§ **Provided material**:
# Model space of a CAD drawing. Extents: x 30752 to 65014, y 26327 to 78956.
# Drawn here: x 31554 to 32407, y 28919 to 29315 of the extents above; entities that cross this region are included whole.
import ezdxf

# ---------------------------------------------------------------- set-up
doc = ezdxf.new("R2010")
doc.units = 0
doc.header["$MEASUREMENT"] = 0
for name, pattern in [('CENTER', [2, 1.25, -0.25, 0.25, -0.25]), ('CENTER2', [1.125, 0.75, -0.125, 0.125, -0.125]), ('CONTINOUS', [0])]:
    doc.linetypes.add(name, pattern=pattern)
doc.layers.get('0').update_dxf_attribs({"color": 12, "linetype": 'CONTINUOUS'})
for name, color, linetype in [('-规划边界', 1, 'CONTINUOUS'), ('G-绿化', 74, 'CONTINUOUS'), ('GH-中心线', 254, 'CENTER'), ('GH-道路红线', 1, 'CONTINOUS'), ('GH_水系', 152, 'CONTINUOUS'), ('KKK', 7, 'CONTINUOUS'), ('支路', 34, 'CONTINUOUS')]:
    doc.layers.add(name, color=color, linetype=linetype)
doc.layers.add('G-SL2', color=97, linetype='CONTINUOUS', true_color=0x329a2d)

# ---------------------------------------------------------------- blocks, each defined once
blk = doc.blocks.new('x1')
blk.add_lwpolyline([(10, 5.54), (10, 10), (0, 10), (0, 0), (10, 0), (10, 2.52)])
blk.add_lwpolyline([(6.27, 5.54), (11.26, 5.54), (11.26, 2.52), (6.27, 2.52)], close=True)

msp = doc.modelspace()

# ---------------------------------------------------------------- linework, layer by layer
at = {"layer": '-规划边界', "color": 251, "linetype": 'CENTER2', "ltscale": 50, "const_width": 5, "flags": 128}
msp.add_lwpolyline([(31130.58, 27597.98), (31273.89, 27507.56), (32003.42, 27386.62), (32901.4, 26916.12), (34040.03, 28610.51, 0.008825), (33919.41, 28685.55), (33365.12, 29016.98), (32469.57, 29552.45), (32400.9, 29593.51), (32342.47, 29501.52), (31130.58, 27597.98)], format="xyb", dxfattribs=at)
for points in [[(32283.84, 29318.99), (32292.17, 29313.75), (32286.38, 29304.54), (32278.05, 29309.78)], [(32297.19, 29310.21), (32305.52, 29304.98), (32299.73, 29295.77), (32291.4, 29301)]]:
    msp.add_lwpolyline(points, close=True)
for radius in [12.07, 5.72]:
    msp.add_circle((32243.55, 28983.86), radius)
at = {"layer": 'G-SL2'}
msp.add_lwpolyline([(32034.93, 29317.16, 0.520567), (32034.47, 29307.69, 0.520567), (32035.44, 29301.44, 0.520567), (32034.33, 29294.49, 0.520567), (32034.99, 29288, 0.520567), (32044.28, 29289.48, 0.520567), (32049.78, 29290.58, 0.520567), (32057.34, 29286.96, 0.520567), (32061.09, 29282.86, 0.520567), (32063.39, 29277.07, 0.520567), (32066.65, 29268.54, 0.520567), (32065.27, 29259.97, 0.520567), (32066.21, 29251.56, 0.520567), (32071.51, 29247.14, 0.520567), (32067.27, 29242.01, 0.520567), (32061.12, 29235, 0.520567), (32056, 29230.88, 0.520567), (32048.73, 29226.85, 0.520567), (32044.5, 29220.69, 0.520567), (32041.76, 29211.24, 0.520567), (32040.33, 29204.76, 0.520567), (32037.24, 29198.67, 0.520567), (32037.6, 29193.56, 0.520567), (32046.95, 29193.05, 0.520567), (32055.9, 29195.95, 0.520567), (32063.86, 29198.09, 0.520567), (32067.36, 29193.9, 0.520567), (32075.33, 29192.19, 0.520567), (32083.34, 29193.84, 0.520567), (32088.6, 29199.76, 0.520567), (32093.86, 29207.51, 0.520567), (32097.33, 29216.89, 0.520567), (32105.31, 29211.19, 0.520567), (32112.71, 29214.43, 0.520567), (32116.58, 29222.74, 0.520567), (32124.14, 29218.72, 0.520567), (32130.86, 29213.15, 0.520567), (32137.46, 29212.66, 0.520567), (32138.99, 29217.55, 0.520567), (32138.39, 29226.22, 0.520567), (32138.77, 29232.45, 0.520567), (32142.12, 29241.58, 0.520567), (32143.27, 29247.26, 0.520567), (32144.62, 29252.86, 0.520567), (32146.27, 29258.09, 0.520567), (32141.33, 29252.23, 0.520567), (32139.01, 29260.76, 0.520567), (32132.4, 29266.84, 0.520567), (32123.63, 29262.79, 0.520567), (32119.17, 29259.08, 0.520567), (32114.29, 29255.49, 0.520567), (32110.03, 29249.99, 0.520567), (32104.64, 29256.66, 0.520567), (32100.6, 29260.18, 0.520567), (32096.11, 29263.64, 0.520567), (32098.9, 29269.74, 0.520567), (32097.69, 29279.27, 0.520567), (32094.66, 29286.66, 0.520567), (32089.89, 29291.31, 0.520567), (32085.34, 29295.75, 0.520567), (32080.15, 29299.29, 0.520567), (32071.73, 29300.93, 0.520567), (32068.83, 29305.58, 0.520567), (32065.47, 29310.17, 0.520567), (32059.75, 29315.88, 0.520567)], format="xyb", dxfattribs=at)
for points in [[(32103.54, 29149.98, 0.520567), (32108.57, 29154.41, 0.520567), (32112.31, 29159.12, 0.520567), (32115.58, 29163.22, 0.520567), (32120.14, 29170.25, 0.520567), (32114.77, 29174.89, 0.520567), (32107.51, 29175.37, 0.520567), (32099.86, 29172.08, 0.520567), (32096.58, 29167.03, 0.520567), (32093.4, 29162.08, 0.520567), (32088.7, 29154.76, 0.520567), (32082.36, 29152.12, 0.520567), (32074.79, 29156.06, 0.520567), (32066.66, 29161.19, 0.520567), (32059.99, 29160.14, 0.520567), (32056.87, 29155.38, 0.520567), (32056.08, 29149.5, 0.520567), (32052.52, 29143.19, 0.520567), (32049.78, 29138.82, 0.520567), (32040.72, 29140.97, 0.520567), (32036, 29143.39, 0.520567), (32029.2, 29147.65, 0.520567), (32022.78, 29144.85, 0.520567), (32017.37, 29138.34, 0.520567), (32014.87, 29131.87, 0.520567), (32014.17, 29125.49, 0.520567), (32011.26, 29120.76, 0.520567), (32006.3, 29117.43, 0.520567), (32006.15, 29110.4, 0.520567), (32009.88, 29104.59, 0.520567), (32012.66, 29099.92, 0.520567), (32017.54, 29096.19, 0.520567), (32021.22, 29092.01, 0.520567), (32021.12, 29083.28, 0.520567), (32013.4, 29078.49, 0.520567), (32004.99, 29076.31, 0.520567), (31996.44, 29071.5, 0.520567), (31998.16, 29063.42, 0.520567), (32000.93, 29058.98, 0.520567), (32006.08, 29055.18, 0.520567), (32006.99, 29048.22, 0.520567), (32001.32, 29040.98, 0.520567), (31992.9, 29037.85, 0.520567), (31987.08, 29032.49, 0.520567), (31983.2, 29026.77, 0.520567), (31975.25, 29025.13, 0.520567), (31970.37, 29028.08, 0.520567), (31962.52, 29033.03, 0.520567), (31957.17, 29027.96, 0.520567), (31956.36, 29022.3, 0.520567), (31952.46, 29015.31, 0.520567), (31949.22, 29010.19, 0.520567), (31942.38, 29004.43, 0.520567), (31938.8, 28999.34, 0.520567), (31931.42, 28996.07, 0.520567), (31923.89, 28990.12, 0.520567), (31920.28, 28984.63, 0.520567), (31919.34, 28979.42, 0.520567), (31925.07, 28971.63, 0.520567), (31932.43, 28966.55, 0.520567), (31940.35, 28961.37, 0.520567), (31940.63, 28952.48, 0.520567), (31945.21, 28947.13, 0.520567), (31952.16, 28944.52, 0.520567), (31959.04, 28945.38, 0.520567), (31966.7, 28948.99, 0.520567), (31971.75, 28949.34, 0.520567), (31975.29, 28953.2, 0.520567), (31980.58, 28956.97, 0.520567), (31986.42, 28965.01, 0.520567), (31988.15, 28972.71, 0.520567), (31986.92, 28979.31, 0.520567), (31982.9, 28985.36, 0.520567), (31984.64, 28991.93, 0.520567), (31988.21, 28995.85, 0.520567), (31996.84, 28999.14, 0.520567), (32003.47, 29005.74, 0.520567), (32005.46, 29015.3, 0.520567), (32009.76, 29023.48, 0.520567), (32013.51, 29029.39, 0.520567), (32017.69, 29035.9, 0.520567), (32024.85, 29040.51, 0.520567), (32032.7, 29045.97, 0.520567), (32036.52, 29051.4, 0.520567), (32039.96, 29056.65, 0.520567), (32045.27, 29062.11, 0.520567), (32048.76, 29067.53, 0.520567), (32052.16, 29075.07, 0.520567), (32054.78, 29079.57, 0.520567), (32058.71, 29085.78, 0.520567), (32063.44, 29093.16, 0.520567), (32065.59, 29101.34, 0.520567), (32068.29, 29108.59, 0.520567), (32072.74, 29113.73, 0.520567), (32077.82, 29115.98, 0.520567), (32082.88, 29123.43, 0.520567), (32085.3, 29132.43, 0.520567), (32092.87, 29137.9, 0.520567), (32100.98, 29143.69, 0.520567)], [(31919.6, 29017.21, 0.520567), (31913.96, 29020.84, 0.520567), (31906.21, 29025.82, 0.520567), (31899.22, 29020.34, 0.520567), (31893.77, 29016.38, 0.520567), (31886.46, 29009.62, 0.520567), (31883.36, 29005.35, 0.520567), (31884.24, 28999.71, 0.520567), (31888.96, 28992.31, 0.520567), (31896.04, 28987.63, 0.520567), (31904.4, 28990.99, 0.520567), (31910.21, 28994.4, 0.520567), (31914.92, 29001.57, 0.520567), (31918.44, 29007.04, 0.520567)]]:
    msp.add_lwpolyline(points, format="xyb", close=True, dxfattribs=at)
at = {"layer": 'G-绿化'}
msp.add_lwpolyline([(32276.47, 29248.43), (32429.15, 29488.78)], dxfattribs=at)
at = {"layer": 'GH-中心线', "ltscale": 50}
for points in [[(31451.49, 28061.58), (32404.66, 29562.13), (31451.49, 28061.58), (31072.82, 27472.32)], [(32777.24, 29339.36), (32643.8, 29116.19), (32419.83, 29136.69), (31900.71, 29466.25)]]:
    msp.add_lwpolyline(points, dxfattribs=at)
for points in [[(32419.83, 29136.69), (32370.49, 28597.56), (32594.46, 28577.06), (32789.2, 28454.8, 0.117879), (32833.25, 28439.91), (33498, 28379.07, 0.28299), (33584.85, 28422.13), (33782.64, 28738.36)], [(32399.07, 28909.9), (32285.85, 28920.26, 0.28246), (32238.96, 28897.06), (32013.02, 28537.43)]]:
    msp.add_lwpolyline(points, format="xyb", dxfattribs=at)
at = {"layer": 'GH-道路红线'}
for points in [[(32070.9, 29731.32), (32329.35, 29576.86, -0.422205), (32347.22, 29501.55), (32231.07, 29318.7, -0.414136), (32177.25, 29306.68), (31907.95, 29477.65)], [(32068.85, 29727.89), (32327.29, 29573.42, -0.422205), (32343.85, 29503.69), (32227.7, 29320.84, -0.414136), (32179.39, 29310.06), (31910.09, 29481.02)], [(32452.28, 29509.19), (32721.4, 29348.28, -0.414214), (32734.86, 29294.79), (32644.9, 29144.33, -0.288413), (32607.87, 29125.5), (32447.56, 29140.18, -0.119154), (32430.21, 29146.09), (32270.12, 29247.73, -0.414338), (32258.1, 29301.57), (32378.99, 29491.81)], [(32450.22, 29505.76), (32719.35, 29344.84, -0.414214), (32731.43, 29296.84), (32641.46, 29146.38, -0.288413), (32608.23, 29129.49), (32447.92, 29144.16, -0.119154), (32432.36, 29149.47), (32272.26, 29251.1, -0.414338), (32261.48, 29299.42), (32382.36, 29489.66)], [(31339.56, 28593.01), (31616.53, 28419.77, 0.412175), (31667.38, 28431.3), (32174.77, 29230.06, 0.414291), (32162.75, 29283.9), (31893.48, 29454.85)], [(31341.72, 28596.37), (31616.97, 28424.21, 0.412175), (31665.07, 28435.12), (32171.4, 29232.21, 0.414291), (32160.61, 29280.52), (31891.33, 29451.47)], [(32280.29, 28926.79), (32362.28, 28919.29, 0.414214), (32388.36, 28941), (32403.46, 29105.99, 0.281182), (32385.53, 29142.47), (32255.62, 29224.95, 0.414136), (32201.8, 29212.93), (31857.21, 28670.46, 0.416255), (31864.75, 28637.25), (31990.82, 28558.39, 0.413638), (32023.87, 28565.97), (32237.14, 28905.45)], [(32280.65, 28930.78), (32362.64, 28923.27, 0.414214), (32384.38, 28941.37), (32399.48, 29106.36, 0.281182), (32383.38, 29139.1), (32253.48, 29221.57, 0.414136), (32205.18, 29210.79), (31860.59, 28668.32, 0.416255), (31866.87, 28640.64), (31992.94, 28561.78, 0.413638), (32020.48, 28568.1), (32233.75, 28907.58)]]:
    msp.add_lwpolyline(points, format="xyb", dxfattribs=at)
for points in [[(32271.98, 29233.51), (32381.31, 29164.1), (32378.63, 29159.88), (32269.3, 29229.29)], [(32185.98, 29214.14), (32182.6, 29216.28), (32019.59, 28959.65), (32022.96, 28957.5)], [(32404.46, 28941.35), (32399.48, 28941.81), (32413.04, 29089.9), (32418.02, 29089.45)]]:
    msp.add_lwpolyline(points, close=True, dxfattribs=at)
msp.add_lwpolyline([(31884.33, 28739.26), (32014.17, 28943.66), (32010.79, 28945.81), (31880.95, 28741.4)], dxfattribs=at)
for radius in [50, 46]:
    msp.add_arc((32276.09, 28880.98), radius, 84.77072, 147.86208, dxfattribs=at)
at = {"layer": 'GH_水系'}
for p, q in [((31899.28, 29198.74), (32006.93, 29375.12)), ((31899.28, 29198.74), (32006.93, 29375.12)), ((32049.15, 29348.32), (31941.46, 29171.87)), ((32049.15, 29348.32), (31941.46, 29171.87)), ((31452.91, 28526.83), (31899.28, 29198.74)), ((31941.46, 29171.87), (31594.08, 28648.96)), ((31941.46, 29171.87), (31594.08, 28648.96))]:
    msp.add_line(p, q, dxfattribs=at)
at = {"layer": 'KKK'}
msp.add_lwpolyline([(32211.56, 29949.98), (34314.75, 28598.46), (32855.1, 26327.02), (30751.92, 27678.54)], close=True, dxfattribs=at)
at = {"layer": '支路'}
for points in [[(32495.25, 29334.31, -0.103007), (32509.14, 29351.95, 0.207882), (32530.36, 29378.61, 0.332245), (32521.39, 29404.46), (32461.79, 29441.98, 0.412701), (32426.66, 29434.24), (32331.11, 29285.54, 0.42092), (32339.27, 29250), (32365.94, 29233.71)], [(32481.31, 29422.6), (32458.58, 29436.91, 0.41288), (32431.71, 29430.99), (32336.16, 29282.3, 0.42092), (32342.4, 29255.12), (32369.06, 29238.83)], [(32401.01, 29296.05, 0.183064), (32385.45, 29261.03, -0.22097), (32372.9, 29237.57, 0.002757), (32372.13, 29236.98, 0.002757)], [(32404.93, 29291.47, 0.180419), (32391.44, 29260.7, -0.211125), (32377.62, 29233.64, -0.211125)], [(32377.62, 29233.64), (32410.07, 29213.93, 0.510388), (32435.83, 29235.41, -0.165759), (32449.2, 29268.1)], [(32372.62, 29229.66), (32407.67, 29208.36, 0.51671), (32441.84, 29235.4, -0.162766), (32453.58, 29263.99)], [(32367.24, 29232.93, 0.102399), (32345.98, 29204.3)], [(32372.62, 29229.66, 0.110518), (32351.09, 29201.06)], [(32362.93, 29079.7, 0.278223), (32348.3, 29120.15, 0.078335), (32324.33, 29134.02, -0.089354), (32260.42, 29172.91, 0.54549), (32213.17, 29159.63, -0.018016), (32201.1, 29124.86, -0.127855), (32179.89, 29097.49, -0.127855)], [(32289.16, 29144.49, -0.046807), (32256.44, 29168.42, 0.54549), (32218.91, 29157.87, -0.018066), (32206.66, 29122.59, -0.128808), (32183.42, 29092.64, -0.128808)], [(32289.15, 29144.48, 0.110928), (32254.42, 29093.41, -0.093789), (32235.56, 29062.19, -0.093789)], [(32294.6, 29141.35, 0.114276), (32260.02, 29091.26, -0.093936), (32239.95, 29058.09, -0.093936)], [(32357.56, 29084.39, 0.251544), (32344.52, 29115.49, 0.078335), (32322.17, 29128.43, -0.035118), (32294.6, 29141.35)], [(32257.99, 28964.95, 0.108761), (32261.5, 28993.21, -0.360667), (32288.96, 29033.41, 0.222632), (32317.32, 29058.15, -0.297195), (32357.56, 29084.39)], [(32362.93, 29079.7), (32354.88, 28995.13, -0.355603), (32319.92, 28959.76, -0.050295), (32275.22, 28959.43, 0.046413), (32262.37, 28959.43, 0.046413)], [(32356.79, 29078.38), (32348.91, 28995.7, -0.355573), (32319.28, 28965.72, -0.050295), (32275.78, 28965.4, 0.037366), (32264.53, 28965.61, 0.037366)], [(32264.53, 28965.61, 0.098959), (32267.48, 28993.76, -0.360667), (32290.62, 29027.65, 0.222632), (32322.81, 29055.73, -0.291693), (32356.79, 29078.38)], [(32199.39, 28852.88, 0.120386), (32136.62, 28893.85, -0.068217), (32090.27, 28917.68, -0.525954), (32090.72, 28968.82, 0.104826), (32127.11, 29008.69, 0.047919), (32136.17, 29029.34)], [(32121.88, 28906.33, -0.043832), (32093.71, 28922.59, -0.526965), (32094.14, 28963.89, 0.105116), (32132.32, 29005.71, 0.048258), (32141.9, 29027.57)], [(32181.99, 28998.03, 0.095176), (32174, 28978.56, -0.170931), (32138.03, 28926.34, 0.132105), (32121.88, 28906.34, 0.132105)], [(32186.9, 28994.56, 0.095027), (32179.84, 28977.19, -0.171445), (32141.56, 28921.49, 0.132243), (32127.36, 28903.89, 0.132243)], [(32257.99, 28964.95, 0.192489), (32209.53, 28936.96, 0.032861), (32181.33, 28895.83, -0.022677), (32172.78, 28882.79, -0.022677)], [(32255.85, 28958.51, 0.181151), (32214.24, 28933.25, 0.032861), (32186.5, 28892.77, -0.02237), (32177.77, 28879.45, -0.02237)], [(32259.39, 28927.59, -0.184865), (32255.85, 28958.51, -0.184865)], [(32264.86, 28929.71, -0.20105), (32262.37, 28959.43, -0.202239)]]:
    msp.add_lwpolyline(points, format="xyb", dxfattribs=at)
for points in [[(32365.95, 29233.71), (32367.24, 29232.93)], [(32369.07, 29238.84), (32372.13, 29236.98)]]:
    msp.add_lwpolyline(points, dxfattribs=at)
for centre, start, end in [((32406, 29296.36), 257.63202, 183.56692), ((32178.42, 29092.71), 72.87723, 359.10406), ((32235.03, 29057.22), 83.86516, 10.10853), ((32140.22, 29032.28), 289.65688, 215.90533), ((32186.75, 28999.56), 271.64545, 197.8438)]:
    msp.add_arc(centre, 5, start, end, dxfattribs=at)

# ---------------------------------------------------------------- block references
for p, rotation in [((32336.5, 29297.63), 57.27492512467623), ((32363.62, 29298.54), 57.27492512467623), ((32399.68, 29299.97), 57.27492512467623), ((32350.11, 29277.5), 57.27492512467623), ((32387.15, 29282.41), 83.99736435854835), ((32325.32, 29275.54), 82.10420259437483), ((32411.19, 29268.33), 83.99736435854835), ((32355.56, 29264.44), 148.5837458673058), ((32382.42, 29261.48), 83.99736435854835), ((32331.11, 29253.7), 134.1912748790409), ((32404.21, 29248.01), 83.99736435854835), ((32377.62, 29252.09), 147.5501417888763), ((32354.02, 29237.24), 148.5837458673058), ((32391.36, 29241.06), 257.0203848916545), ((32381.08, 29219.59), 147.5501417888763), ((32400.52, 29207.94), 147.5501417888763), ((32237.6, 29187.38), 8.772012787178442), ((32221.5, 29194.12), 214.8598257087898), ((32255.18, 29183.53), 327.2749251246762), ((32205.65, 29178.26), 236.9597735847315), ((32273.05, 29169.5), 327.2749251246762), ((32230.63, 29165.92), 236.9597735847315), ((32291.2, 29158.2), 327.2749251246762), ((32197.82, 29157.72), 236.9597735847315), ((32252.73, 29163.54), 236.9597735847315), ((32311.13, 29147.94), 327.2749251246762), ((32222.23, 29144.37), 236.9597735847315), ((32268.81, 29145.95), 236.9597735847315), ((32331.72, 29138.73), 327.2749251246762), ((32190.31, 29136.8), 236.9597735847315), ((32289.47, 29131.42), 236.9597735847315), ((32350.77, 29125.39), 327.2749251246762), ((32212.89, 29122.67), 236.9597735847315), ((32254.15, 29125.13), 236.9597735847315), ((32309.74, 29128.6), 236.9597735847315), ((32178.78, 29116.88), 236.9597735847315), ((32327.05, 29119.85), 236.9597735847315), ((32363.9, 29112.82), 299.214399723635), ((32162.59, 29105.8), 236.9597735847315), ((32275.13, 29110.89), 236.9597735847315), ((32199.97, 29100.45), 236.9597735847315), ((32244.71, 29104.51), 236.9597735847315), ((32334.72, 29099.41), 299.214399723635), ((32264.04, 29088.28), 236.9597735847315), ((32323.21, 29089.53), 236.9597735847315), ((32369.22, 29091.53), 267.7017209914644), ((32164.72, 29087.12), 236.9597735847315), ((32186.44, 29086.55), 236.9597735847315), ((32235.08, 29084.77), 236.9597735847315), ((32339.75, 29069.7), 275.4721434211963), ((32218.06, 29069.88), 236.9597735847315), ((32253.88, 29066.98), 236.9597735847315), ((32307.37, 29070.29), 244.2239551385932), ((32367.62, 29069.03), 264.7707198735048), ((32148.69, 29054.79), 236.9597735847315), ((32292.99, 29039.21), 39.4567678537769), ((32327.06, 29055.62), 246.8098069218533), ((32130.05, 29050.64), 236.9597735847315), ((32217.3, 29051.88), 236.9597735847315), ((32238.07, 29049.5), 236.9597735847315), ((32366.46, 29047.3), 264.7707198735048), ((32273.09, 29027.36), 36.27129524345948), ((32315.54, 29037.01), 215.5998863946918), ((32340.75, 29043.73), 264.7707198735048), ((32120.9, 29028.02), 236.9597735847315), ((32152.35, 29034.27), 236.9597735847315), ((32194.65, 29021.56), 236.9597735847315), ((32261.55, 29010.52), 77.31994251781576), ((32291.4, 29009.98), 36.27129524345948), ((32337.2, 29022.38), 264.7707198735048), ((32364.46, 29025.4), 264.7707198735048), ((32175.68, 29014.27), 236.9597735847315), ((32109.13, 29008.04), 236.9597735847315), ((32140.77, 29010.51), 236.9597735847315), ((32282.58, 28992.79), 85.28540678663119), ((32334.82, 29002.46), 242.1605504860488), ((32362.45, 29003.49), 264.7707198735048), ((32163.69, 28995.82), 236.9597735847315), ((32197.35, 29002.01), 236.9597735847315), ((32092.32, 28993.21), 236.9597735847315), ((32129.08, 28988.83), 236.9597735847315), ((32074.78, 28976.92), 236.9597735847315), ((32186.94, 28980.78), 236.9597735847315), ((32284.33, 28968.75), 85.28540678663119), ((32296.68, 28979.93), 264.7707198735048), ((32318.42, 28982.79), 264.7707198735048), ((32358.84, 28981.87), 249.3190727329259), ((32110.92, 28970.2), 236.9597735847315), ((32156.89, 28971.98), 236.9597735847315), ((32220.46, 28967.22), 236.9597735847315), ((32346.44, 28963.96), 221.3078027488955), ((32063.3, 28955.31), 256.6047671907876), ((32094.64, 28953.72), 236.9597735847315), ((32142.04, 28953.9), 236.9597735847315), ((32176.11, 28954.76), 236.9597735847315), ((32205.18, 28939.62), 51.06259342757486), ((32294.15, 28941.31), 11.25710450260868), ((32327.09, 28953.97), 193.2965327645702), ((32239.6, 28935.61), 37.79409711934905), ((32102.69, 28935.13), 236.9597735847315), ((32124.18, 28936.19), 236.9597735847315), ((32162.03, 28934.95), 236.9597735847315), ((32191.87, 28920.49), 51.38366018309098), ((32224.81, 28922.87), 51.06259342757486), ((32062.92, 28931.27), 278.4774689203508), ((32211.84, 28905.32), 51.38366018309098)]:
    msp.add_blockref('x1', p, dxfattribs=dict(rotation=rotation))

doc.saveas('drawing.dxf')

§ **What you have to do**:
Every line in the listing above that mentions "drawing" should be returned.

§ **Problem solution**:
# Model space of a CAD drawing. Extents: x 30752 to 65014, y 26327 to 78956.
doc.saveas('drawing.dxf')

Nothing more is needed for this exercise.